Our RMG businessmen are hoping that investors will come to Nepal to exploit the expanding opportunities in India and China. However, most of the CPOs feel that Bangladesh is the next hot spot sourcing country. Even Pakistani investors are flocking in to Bangladesh to set up RMG factories. Bangladesh borders India and has better transportation and transit links than Nepal has with India. It could use both ground transport as well as sea transport. Bangladesh’s bilateral trade with India is also increasing rapidly. So, the optimism regarding increase in investment in RMG industry as booming India is close to Nepal, which is shared by businessmen and policymakers alike, might be a little bit more exaggerated.
Furthermore, it has dedicated export processing zones (EPZs) and SEZs—something Nepal lacks.
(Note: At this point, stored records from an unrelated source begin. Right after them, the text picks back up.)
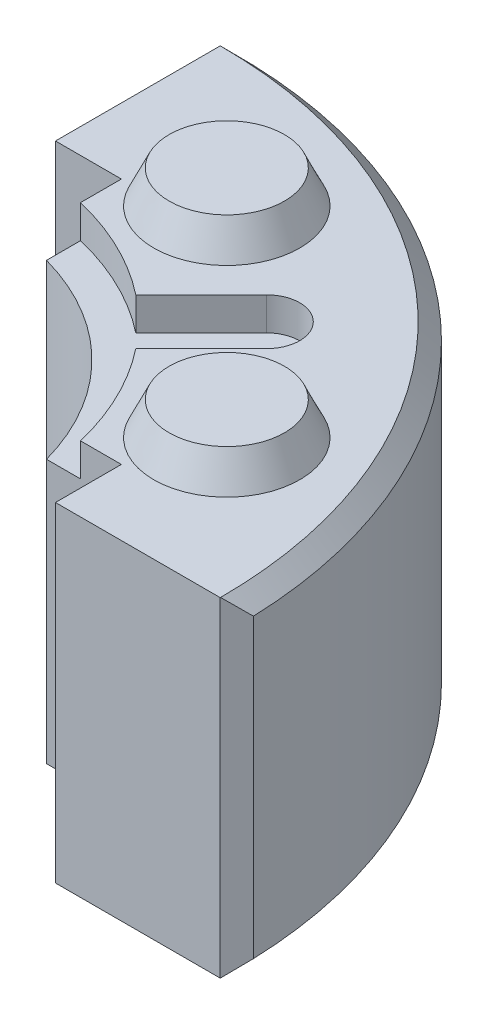
ISO-10303-21;
HEADER;
FILE_DESCRIPTION(('STEP AP214'),'2;1');
FILE_NAME('part.step','',(''),(''),'','','');
FILE_SCHEMA(('AUTOMOTIVE_DESIGN { 1 0 10303 214 1 1 1 1 }'));
ENDSEC;
DATA;
#1=APPLICATION_CONTEXT('core data for automotive mechanical design processes');
#2=APPLICATION_PROTOCOL_DEFINITION('international standard','automotive_design',2000,#1);
#3=PRODUCT_CONTEXT('',#1,'mechanical');
#4=PRODUCT('Part','Part','',(#3));
#5=PRODUCT_RELATED_PRODUCT_CATEGORY('part','',(#4));
#6=PRODUCT_DEFINITION_FORMATION('','',#4);
#7=PRODUCT_DEFINITION_CONTEXT('part definition',#1,'design');
#8=PRODUCT_DEFINITION('design','',#6,#7);
#9=PRODUCT_DEFINITION_SHAPE('','',#8);
#10=(LENGTH_UNIT() NAMED_UNIT(*) SI_UNIT(.MILLI.,.METRE.));
#11=(NAMED_UNIT(*) PLANE_ANGLE_UNIT() SI_UNIT($,.RADIAN.));
#12=(NAMED_UNIT(*) SI_UNIT($,.STERADIAN.) SOLID_ANGLE_UNIT());
#13=UNCERTAINTY_MEASURE_WITH_UNIT(LENGTH_MEASURE(1.E-05),#10,'distance_accuracy_value','');
#14=(GEOMETRIC_REPRESENTATION_CONTEXT(3) GLOBAL_UNCERTAINTY_ASSIGNED_CONTEXT((#13)) GLOBAL_UNIT_ASSIGNED_CONTEXT((#10,
#11,#12)) REPRESENTATION_CONTEXT('',''));
#15=CARTESIAN_POINT('',(0.,0.,0.));
#16=DIRECTION('',(0.,0.,1.));
#17=DIRECTION('',(1.,0.,0.));
#18=AXIS2_PLACEMENT_3D('',#15,#16,#17);
#19=CARTESIAN_POINT('',(0.,10.,0.));
#20=DIRECTION('',(0.,-1.,0.));
#21=DIRECTION('',(0.,0.,-1.));
#22=AXIS2_PLACEMENT_3D('',#19,#20,#21);
#23=CYLINDRICAL_SURFACE('',#22,85.);
#24=CARTESIAN_POINT('',(0.,10.,0.));
#25=DIRECTION('',(0.,-1.,0.));
#26=DIRECTION('',(0.,0.,-1.));
#27=AXIS2_PLACEMENT_3D('',#24,#25,#26);
#28=CIRCLE('',#27,85.);
#29=CARTESIAN_POINT('',(66.7577497434309,10.,-52.6156141197026));
#30=VERTEX_POINT('',#29);
#31=CARTESIAN_POINT('',(82.6135582092915,10.,-20.0000000000003));
#32=VERTEX_POINT('',#31);
#33=EDGE_CURVE('E222',#30,#32,#28,.T.);
#34=ORIENTED_EDGE('',*,*,#33,.F.);
#35=DIRECTION('',(0.,-1.,0.));
#36=VECTOR('',#35,1.);
#37=CARTESIAN_POINT('',(66.7577497434309,10.,-52.6156141197026));
#38=LINE('',#37,#36);
#39=CARTESIAN_POINT('',(66.7577497434309,0.,-52.6156141197026));
#40=VERTEX_POINT('',#39);
#41=EDGE_CURVE('E712',#30,#40,#38,.T.);
#42=ORIENTED_EDGE('',*,*,#41,.T.);
#43=CARTESIAN_POINT('',(0.,0.,0.));
#44=DIRECTION('',(0.,-1.,0.));
#45=DIRECTION('',(0.,0.,-1.));
#46=AXIS2_PLACEMENT_3D('',#43,#44,#45);
#47=CIRCLE('',#46,85.);
#48=CARTESIAN_POINT('',(82.6135582092915,0.,-20.0000000000003));
#49=VERTEX_POINT('',#48);
#50=EDGE_CURVE('E230',#40,#49,#47,.T.);
#51=ORIENTED_EDGE('',*,*,#50,.T.);
#52=DIRECTION('',(0.,-1.,0.));
#53=VECTOR('',#52,1.);
#54=CARTESIAN_POINT('',(82.6135582092915,10.,-20.0000000000003));
#55=LINE('',#54,#53);
#56=EDGE_CURVE('E233',#32,#49,#55,.T.);
#57=ORIENTED_EDGE('',*,*,#56,.F.);
#58=EDGE_LOOP('',(#34,#42,#51,#57));
#59=FACE_BOUND('',#58,.T.);
#60=ADVANCED_FACE('F35',(#59),#23,.F.);
#61=CARTESIAN_POINT('',(0.,90.,0.));
#62=DIRECTION('',(0.,1.,0.));
#63=DIRECTION('',(0.,0.,1.));
#64=AXIS2_PLACEMENT_3D('',#61,#62,#63);
#65=CYLINDRICAL_SURFACE('',#64,85.);
#66=CARTESIAN_POINT('',(0.,100.,0.));
#67=DIRECTION('',(0.,1.,0.));
#68=DIRECTION('',(0.,0.,1.));
#69=AXIS2_PLACEMENT_3D('',#66,#67,#68);
#70=CIRCLE('',#69,85.);
#71=CARTESIAN_POINT('',(82.6135582092915,100.,-20.0000000000003));
#72=VERTEX_POINT('',#71);
#73=CARTESIAN_POINT('',(66.7577497434309,100.,-52.6156141197026));
#74=VERTEX_POINT('',#73);
#75=EDGE_CURVE('E242',#72,#74,#70,.T.);
#76=ORIENTED_EDGE('',*,*,#75,.T.);
#77=DIRECTION('',(0.,1.,0.));
#78=VECTOR('',#77,1.);
#79=CARTESIAN_POINT('',(66.7577497434309,90.,-52.6156141197026));
#80=LINE('',#79,#78);
#81=CARTESIAN_POINT('',(66.7577497434309,90.,-52.6156141197026));
#82=VERTEX_POINT('',#81);
#83=EDGE_CURVE('E732',#82,#74,#80,.T.);
#84=ORIENTED_EDGE('',*,*,#83,.F.);
#85=CARTESIAN_POINT('',(0.,90.,0.));
#86=DIRECTION('',(0.,1.,0.));
#87=DIRECTION('',(0.,0.,1.));
#88=AXIS2_PLACEMENT_3D('',#85,#86,#87);
#89=CIRCLE('',#88,85.);
#90=CARTESIAN_POINT('',(82.6135582092915,90.,-20.0000000000003));
#91=VERTEX_POINT('',#90);
#92=EDGE_CURVE('E237',#91,#82,#89,.T.);
#93=ORIENTED_EDGE('',*,*,#92,.F.);
#94=DIRECTION('',(0.,1.,0.));
#95=VECTOR('',#94,1.);
#96=CARTESIAN_POINT('',(82.6135582092915,90.,-20.0000000000003));
#97=LINE('',#96,#95);
#98=EDGE_CURVE('E249',#72,#91,#97,.F.);
#99=ORIENTED_EDGE('',*,*,#98,.F.);
#100=EDGE_LOOP('',(#76,#84,#93,#99));
#101=FACE_BOUND('',#100,.T.);
#102=ADVANCED_FACE('F462',(#101),#65,.F.);
#103=CARTESIAN_POINT('',(0.,100.,0.));
#104=DIRECTION('',(0.,-1.,0.));
#105=DIRECTION('',(0.,0.,-1.));
#106=AXIS2_PLACEMENT_3D('',#103,#104,#105);
#107=CYLINDRICAL_SURFACE('',#106,75.);
#108=CARTESIAN_POINT('',(0.,9.99999999999999,0.));
#109=DIRECTION('',(0.,-1.,0.));
#110=DIRECTION('',(0.,0.,-1.));
#111=AXIS2_PLACEMENT_3D('',#108,#109,#110);
#112=CIRCLE('',#111,75.);
#113=CARTESIAN_POINT('',(72.2841614740047,9.99999999999999,-20.0000000000002));
#114=VERTEX_POINT('',#113);
#115=CARTESIAN_POINT('',(20.,10.,-72.2841614740048));
#116=VERTEX_POINT('',#115);
#117=EDGE_CURVE('E221',#114,#116,#112,.F.);
#118=ORIENTED_EDGE('',*,*,#117,.F.);
#119=DIRECTION('',(0.,-1.,0.));
#120=VECTOR('',#119,1.);
#121=CARTESIAN_POINT('',(72.2841614740047,100.,-20.0000000000002));
#122=LINE('',#121,#120);
#123=CARTESIAN_POINT('',(72.2841614740047,90.,-20.0000000000002));
#124=VERTEX_POINT('',#123);
#125=EDGE_CURVE('E266',#114,#124,#122,.F.);
#126=ORIENTED_EDGE('',*,*,#125,.T.);
#127=CARTESIAN_POINT('',(0.,90.,0.));
#128=DIRECTION('',(0.,1.,0.));
#129=DIRECTION('',(0.,0.,1.));
#130=AXIS2_PLACEMENT_3D('',#127,#128,#129);
#131=CIRCLE('',#130,75.);
#132=CARTESIAN_POINT('',(20.,90.,-72.2841614740048));
#133=VERTEX_POINT('',#132);
#134=EDGE_CURVE('E240',#133,#124,#131,.F.);
#135=ORIENTED_EDGE('',*,*,#134,.F.);
#136=DIRECTION('',(0.,-1.,0.));
#137=VECTOR('',#136,1.);
#138=CARTESIAN_POINT('',(20.,100.,-72.2841614740048));
#139=LINE('',#138,#137);
#140=EDGE_CURVE('E281',#133,#116,#139,.T.);
#141=ORIENTED_EDGE('',*,*,#140,.T.);
#142=EDGE_LOOP('',(#118,#126,#135,#141));
#143=FACE_BOUND('',#142,.T.);
#144=ADVANCED_FACE('F456',(#143),#107,.F.);
#145=CARTESIAN_POINT('',(0.,100.,0.));
#146=DIRECTION('',(0.,-1.,0.));
#147=DIRECTION('',(0.,0.,-1.));
#148=AXIS2_PLACEMENT_3D('',#145,#146,#147);
#149=CYLINDRICAL_SURFACE('',#148,150.);
#150=CARTESIAN_POINT('',(0.,95.,0.));
#151=DIRECTION('',(0.,1.,0.));
#152=DIRECTION('',(0.,0.,1.));
#153=AXIS2_PLACEMENT_3D('',#150,#151,#152);
#154=CIRCLE('',#153,150.);
#155=CARTESIAN_POINT('',(5.17241379310346,95.,-149.910793926098));
#156=VERTEX_POINT('',#155);
#157=CARTESIAN_POINT('',(149.910793926098,95.,-5.17241379310346));
#158=VERTEX_POINT('',#157);
#159=EDGE_CURVE('E328',#156,#158,#154,.F.);
#160=ORIENTED_EDGE('',*,*,#159,.T.);
#161=DIRECTION('',(0.,-1.,0.));
#162=VECTOR('',#161,1.);
#163=CARTESIAN_POINT('',(149.910793926098,100.,-5.17241379310346));
#164=LINE('',#163,#162);
#165=CARTESIAN_POINT('',(149.910793926098,5.,-5.17241379310346));
#166=VERTEX_POINT('',#165);
#167=EDGE_CURVE('E330',#158,#166,#164,.T.);
#168=ORIENTED_EDGE('',*,*,#167,.T.);
#169=CARTESIAN_POINT('',(0.,5.,0.));
#170=DIRECTION('',(0.,1.,0.));
#171=DIRECTION('',(0.,0.,1.));
#172=AXIS2_PLACEMENT_3D('',#169,#170,#171);
#173=CIRCLE('',#172,150.);
#174=CARTESIAN_POINT('',(5.17241379310346,5.,-149.910793926098));
#175=VERTEX_POINT('',#174);
#176=EDGE_CURVE('E324',#166,#175,#173,.T.);
#177=ORIENTED_EDGE('',*,*,#176,.T.);
#178=DIRECTION('',(0.,-1.,0.));
#179=VECTOR('',#178,1.);
#180=CARTESIAN_POINT('',(5.17241379310346,100.,-149.910793926098));
#181=LINE('',#180,#179);
#182=EDGE_CURVE('E326',#175,#156,#181,.F.);
#183=ORIENTED_EDGE('',*,*,#182,.T.);
#184=EDGE_LOOP('',(#160,#168,#177,#183));
#185=FACE_BOUND('',#184,.T.);
#186=ADVANCED_FACE('F454',(#185),#149,.T.);
#187=CARTESIAN_POINT('',(0.,100.,-150.));
#188=DIRECTION('',(1.,0.,0.));
#189=DIRECTION('',(0.,0.,-1.));
#190=AXIS2_PLACEMENT_3D('',#187,#188,#189);
#191=PLANE('',#190);
#192=DIRECTION('',(0.,0.,1.));
#193=VECTOR('',#192,1.);
#194=CARTESIAN_POINT('',(0.,100.,-150.));
#195=LINE('',#194,#193);
#196=CARTESIAN_POINT('',(0.,100.,-144.913767461894));
#197=VERTEX_POINT('',#196);
#198=CARTESIAN_POINT('',(0.,100.,-95.));
#199=VERTEX_POINT('',#198);
#200=EDGE_CURVE('E303',#197,#199,#195,.T.);
#201=ORIENTED_EDGE('',*,*,#200,.F.);
#202=DIRECTION('',(0.,-1.,0.));
#203=VECTOR('',#202,1.);
#204=CARTESIAN_POINT('',(0.,100.,-144.913767461894));
#205=LINE('',#204,#203);
#206=CARTESIAN_POINT('',(0.,0.,-144.913767461894));
#207=VERTEX_POINT('',#206);
#208=EDGE_CURVE('E348',#197,#207,#205,.T.);
#209=ORIENTED_EDGE('',*,*,#208,.T.);
#210=DIRECTION('',(0.,0.,1.));
#211=VECTOR('',#210,1.);
#212=CARTESIAN_POINT('',(0.,0.,-150.));
#213=LINE('',#212,#211);
#214=CARTESIAN_POINT('',(0.,0.,-95.));
#215=VERTEX_POINT('',#214);
#216=EDGE_CURVE('E302',#207,#215,#213,.T.);
#217=ORIENTED_EDGE('',*,*,#216,.T.);
#218=DIRECTION('',(0.,1.,0.));
#219=VECTOR('',#218,1.);
#220=CARTESIAN_POINT('',(0.,100.,-95.));
#221=LINE('',#220,#219);
#222=EDGE_CURVE('E276',#215,#199,#221,.T.);
#223=ORIENTED_EDGE('',*,*,#222,.T.);
#224=EDGE_LOOP('',(#201,#209,#217,#223));
#225=FACE_BOUND('',#224,.T.);
#226=ADVANCED_FACE('F422',(#225),#191,.F.);
#227=CARTESIAN_POINT('',(75.,100.,0.));
#228=DIRECTION('',(0.,0.,-1.));
#229=DIRECTION('',(-1.,0.,0.));
#230=AXIS2_PLACEMENT_3D('',#227,#228,#229);
#231=PLANE('',#230);
#232=DIRECTION('',(1.,0.,0.));
#233=VECTOR('',#232,1.);
#234=CARTESIAN_POINT('',(75.,0.,0.));
#235=LINE('',#234,#233);
#236=CARTESIAN_POINT('',(95.,0.,0.));
#237=VERTEX_POINT('',#236);
#238=CARTESIAN_POINT('',(144.913767461894,0.,0.));
#239=VERTEX_POINT('',#238);
#240=EDGE_CURVE('E306',#237,#239,#235,.T.);
#241=ORIENTED_EDGE('',*,*,#240,.T.);
#242=DIRECTION('',(0.,1.,0.));
#243=VECTOR('',#242,1.);
#244=CARTESIAN_POINT('',(144.913767461894,100.,0.));
#245=LINE('',#244,#243);
#246=CARTESIAN_POINT('',(144.913767461894,100.,0.));
#247=VERTEX_POINT('',#246);
#248=EDGE_CURVE('E339',#239,#247,#245,.T.);
#249=ORIENTED_EDGE('',*,*,#248,.T.);
#250=DIRECTION('',(1.,0.,0.));
#251=VECTOR('',#250,1.);
#252=CARTESIAN_POINT('',(75.,100.,0.));
#253=LINE('',#252,#251);
#254=CARTESIAN_POINT('',(95.,100.,0.));
#255=VERTEX_POINT('',#254);
#256=EDGE_CURVE('E305',#255,#247,#253,.T.);
#257=ORIENTED_EDGE('',*,*,#256,.F.);
#258=DIRECTION('',(0.,-1.,0.));
#259=VECTOR('',#258,1.);
#260=CARTESIAN_POINT('',(95.,100.,0.));
#261=LINE('',#260,#259);
#262=EDGE_CURVE('E270',#255,#237,#261,.T.);
#263=ORIENTED_EDGE('',*,*,#262,.T.);
#264=EDGE_LOOP('',(#241,#249,#257,#263));
#265=FACE_BOUND('',#264,.T.);
#266=ADVANCED_FACE('F445',(#265),#231,.F.);
#267=CARTESIAN_POINT('',(0.,100.,0.));
#268=DIRECTION('',(0.,1.,0.));
#269=DIRECTION('',(0.,0.,1.));
#270=AXIS2_PLACEMENT_3D('',#267,#268,#269);
#271=PLANE('',#270);
#272=DIRECTION('',(0.707106781186735,0.,-0.70710678118636));
#273=VECTOR('',#272,1.);
#274=CARTESIAN_POINT('',(66.7577497434309,100.,-52.6156141197026));
#275=LINE('',#274,#273);
#276=CARTESIAN_POINT('',(86.6205806953541,100.,-72.4784450716153));
#277=VERTEX_POINT('',#276);
#278=EDGE_CURVE('E719',#74,#277,#275,.T.);
#279=ORIENTED_EDGE('',*,*,#278,.F.);
#280=ORIENTED_EDGE('',*,*,#75,.F.);
#281=DIRECTION('',(-1.,0.,0.));
#282=VECTOR('',#281,1.);
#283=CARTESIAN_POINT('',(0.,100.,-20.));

Bangladesh has less labor problems than Nepal. Power shortage is not as acute as it is here. Bangladesh’s overhead wages is two times lower than in Nepal (and still the stupid Maoist-affiliated trade unions go on repeated strikes demanding more perks and facilities, which might result in the closure of the few remaining MNCs!). Bangladeshi producers are more innovative than Nepali producers.
Now, here is a ray of hope. Though the CPOs favor Bangladesh in the region, they are also thinking of shifting a large share of their sourcing value away from China in the next five years to Pakistan, Nepal, Bhutan and Southeast Asia as well. If Nepal could address the above mentioned constraints on time, then may be we could draw in the attention of some of the CPOs to our economy.